London (13.8.15) – One is sorely tempted to philosophise on the variety of reactions shown by small countries living alongside much larger ones or just competing in this very competitive world. Some of them get out front and do their best to lead wherever and whenever they can: Singapore might be one of those. Others just lie back in the sun and hope for the best or they might get on with what they already do well and keep going forwards: Iceland? But others, alas, fail in various ways to pursue either course and like to pretend to the world (and to themselves) that maintaining some imagined historical purity, going backwards if necessary, is the best way to deal with the 21st century.

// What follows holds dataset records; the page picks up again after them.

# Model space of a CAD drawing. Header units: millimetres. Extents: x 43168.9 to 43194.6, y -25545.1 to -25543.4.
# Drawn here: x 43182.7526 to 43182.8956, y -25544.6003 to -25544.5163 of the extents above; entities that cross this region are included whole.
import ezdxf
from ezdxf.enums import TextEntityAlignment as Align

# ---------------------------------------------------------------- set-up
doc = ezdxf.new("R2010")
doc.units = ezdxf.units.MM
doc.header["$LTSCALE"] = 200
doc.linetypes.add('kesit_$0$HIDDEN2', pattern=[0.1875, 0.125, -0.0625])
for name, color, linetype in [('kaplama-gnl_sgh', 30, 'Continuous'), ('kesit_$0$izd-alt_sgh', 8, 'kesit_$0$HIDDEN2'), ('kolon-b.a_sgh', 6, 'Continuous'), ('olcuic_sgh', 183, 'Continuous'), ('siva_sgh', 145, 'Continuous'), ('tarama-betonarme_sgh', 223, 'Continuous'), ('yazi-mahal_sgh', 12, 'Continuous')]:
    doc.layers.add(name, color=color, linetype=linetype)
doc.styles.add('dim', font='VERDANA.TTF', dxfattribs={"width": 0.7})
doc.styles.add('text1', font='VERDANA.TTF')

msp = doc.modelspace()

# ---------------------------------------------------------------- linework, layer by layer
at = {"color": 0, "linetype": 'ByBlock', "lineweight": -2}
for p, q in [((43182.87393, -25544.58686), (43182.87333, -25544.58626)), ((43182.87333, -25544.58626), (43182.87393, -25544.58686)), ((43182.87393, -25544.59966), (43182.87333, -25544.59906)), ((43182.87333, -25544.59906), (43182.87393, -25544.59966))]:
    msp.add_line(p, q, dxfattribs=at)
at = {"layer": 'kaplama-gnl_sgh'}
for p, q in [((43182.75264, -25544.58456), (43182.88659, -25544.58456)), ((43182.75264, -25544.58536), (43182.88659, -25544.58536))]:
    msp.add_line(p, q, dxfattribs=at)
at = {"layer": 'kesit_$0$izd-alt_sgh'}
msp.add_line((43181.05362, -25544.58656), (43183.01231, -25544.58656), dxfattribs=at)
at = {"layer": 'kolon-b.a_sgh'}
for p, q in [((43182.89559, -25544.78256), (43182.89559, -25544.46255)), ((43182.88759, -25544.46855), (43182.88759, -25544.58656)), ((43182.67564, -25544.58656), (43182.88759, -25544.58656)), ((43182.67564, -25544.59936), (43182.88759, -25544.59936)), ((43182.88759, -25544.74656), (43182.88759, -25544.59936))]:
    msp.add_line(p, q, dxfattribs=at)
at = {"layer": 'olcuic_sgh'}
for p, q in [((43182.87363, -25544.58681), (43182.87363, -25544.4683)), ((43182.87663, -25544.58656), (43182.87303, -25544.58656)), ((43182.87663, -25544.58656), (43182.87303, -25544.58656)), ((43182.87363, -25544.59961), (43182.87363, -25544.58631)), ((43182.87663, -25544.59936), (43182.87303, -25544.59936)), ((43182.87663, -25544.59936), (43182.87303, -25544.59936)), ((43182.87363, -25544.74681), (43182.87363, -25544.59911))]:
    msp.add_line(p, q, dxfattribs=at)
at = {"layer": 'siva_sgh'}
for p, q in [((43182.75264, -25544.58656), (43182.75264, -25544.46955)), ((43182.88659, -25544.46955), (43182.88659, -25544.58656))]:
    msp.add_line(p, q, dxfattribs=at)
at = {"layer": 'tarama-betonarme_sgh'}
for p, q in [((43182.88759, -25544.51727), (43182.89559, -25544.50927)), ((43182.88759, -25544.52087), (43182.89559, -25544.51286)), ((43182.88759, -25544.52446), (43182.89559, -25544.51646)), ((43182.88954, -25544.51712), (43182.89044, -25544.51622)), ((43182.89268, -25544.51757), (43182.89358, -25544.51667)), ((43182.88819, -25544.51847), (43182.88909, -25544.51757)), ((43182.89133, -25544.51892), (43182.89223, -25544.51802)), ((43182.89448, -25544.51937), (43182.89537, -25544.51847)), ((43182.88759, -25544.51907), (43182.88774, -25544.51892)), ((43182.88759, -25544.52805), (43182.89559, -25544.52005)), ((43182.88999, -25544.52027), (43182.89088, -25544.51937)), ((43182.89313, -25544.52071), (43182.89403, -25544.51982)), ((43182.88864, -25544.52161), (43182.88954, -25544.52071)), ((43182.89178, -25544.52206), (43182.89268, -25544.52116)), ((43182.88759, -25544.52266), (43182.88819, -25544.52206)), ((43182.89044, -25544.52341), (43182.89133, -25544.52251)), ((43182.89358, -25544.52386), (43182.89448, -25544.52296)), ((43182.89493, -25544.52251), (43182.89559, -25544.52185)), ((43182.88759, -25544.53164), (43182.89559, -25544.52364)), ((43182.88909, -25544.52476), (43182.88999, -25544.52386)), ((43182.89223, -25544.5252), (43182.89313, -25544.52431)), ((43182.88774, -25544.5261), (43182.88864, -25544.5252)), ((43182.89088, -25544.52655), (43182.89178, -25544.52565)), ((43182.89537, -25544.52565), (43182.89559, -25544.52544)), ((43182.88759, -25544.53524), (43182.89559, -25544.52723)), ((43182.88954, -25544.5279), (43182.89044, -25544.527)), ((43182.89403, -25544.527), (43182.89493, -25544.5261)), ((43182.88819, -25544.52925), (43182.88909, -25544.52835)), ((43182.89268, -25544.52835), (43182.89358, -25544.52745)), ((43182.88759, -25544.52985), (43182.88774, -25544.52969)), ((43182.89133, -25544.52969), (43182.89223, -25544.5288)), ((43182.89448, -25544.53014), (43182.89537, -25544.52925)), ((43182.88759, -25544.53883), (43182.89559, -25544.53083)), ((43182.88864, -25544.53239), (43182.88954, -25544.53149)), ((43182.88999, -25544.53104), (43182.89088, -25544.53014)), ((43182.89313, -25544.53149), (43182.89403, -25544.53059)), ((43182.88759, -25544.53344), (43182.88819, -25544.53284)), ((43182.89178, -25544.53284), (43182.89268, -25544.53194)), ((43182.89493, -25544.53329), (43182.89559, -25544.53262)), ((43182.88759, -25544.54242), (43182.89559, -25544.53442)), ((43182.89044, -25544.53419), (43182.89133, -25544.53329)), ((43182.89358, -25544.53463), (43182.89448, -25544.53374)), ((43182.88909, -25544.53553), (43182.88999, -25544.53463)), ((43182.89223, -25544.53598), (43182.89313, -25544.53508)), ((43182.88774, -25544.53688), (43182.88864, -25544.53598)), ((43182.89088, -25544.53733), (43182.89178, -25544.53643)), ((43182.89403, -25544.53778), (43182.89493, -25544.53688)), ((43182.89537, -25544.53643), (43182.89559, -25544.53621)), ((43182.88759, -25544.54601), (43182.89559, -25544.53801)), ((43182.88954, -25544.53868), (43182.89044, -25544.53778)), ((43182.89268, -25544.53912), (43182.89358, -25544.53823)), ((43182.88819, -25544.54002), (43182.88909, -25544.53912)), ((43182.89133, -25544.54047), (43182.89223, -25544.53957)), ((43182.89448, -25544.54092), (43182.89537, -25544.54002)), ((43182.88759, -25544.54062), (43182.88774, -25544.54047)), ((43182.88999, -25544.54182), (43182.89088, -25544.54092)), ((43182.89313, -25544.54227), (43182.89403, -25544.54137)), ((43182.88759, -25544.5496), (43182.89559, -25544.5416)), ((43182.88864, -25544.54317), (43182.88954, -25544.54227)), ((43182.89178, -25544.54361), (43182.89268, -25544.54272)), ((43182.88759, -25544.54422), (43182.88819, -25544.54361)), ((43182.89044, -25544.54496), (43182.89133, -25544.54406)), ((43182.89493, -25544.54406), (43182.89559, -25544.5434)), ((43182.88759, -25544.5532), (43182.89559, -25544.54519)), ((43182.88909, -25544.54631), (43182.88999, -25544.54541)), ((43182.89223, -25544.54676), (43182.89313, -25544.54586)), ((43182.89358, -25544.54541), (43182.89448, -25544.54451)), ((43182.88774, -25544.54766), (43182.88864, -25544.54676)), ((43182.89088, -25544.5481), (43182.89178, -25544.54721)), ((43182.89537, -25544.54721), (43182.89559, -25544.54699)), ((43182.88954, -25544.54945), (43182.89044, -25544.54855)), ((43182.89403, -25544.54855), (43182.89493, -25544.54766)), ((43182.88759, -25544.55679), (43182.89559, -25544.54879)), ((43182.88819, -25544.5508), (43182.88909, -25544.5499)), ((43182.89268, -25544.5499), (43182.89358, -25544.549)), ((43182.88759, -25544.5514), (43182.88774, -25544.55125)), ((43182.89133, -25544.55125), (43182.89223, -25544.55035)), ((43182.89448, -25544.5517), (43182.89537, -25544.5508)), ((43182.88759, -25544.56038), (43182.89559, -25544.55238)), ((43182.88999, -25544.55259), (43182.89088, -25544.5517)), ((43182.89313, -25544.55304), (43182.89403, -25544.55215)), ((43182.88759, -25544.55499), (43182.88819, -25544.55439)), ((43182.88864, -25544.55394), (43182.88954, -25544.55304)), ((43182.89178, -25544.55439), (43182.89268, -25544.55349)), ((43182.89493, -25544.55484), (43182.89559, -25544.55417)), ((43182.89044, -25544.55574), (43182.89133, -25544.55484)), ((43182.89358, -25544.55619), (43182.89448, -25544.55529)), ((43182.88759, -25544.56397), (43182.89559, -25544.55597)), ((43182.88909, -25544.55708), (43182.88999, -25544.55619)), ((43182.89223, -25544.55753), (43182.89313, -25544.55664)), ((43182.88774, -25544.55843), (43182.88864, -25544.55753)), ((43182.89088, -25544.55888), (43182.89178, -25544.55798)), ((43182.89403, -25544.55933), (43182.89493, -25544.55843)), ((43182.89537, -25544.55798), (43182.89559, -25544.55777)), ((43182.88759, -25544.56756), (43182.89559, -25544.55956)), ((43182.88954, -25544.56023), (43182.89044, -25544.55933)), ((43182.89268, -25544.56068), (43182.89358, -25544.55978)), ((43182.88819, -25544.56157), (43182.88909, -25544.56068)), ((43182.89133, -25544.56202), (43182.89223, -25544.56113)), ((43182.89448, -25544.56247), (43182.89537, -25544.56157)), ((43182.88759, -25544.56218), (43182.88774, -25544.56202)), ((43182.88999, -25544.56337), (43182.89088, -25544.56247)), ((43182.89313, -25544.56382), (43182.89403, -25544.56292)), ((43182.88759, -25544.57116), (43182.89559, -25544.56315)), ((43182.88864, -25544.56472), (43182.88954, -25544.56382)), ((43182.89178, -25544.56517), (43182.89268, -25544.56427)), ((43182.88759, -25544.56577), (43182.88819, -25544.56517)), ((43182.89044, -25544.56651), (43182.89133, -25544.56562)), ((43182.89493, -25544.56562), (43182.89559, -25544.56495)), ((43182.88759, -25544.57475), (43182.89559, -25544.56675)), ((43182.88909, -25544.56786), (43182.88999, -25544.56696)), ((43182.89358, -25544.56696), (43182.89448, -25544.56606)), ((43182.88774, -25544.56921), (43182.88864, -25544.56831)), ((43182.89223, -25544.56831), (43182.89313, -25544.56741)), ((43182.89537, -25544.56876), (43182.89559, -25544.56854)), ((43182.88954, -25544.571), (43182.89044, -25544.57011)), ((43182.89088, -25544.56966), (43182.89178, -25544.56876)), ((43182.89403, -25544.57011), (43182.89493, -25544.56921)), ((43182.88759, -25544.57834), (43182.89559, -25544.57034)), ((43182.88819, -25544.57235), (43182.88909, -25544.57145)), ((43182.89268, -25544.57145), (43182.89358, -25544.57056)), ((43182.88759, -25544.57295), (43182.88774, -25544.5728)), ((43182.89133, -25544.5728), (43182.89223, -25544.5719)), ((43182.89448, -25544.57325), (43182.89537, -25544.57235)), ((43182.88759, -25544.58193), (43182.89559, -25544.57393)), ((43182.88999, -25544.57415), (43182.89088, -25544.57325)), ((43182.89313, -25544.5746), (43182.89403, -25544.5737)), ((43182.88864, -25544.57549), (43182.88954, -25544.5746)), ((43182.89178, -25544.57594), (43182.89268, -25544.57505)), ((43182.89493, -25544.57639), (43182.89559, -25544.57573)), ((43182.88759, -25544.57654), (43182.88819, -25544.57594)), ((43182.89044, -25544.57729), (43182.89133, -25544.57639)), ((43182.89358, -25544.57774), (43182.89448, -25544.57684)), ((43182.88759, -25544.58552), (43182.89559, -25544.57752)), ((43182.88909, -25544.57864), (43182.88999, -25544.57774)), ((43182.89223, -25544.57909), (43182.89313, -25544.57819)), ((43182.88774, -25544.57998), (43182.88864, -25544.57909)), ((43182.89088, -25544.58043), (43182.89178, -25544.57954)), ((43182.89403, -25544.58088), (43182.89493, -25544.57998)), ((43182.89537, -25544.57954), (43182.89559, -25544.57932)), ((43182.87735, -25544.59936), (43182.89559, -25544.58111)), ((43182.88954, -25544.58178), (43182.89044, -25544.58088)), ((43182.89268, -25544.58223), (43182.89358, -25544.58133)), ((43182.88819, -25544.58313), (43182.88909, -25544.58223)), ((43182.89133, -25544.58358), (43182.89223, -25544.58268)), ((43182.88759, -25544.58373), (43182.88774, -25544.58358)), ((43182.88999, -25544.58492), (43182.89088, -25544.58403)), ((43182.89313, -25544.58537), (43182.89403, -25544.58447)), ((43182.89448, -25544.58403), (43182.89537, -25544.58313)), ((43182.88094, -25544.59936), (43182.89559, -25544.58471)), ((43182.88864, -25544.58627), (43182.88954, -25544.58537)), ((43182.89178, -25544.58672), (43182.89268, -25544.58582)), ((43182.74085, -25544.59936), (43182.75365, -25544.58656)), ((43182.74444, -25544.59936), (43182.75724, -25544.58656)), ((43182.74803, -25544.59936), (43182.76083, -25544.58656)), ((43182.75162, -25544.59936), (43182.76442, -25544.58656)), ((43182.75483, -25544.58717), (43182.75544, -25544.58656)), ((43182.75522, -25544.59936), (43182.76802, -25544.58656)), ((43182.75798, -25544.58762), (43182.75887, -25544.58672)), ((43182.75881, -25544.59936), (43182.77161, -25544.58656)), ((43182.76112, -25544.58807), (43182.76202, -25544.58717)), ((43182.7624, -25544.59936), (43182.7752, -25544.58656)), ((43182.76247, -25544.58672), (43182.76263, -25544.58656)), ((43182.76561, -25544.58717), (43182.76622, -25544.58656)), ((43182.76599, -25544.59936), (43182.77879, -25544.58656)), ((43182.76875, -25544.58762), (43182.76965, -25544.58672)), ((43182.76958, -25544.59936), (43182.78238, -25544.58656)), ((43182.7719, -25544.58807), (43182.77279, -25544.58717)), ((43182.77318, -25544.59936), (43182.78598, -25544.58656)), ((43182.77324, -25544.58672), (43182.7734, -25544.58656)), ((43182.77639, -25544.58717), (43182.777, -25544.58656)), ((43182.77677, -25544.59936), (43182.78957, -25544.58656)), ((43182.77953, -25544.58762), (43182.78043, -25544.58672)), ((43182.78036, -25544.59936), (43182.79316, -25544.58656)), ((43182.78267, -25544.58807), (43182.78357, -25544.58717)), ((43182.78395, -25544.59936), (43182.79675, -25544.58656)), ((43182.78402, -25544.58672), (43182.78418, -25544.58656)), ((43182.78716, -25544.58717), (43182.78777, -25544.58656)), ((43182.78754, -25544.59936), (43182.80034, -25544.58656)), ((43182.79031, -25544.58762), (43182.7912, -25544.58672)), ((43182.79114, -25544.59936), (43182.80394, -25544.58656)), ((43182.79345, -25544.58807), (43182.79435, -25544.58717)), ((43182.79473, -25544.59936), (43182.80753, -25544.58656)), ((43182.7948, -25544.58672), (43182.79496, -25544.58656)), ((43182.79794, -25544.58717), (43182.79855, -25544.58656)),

Such thoughts did cross our minds when we read over this past weekend that the Scottish government (who have jurisdiction over such matters for their own territory), via Richard Lochhead, their rural affairs minister, have revealed plans to continue the government’s existing policy to opt out of European consents for cultivating GM crops, including a variety of maize that has already been approved by the EU and six other GM crops that are awaiting authorisation (1). The minister wished, he said, “to protect Scotland’s ‘clean, green status’ and expressed concern that growing GM crops could damage the country’s £14bn food and drink sector”. “Scotland is known around the world”, he continued, "for our beautiful natural environment [indeed it is] – and banning growing genetically modified crops will protect and further enhance our clean, green status” (2). Will it, now? “There is no evidence of significant demand for GM products by Scottish consumers” – but then they have not been given much of a chance to voice any such desires.

CropGen was not aware of that Scottish clean, green status reputation but we are based nearly 400 miles from the Scottish border and perhaps the perception diminishes with distance. But we are aware that the "(non-GMO) genetics to developing improved barley" most advertised by Irish and Scotch whiskey makers - proudly proclaimed on their official websites - is Golden Promise which is a 1950s product of radiation mutation breeding (3). Readers who would like to know more about the genetics and safety testing of mutation breeding can find a good account in the New York Times (4). Or should we ask for whisky to be banned because it contains ethyl carbamate, a barley-derived carcinogen present in a range of potable spirits, which has been a concern for distillers (5)? Whisky is something for which Scotland’s fame indeed rings out across the world, so take care.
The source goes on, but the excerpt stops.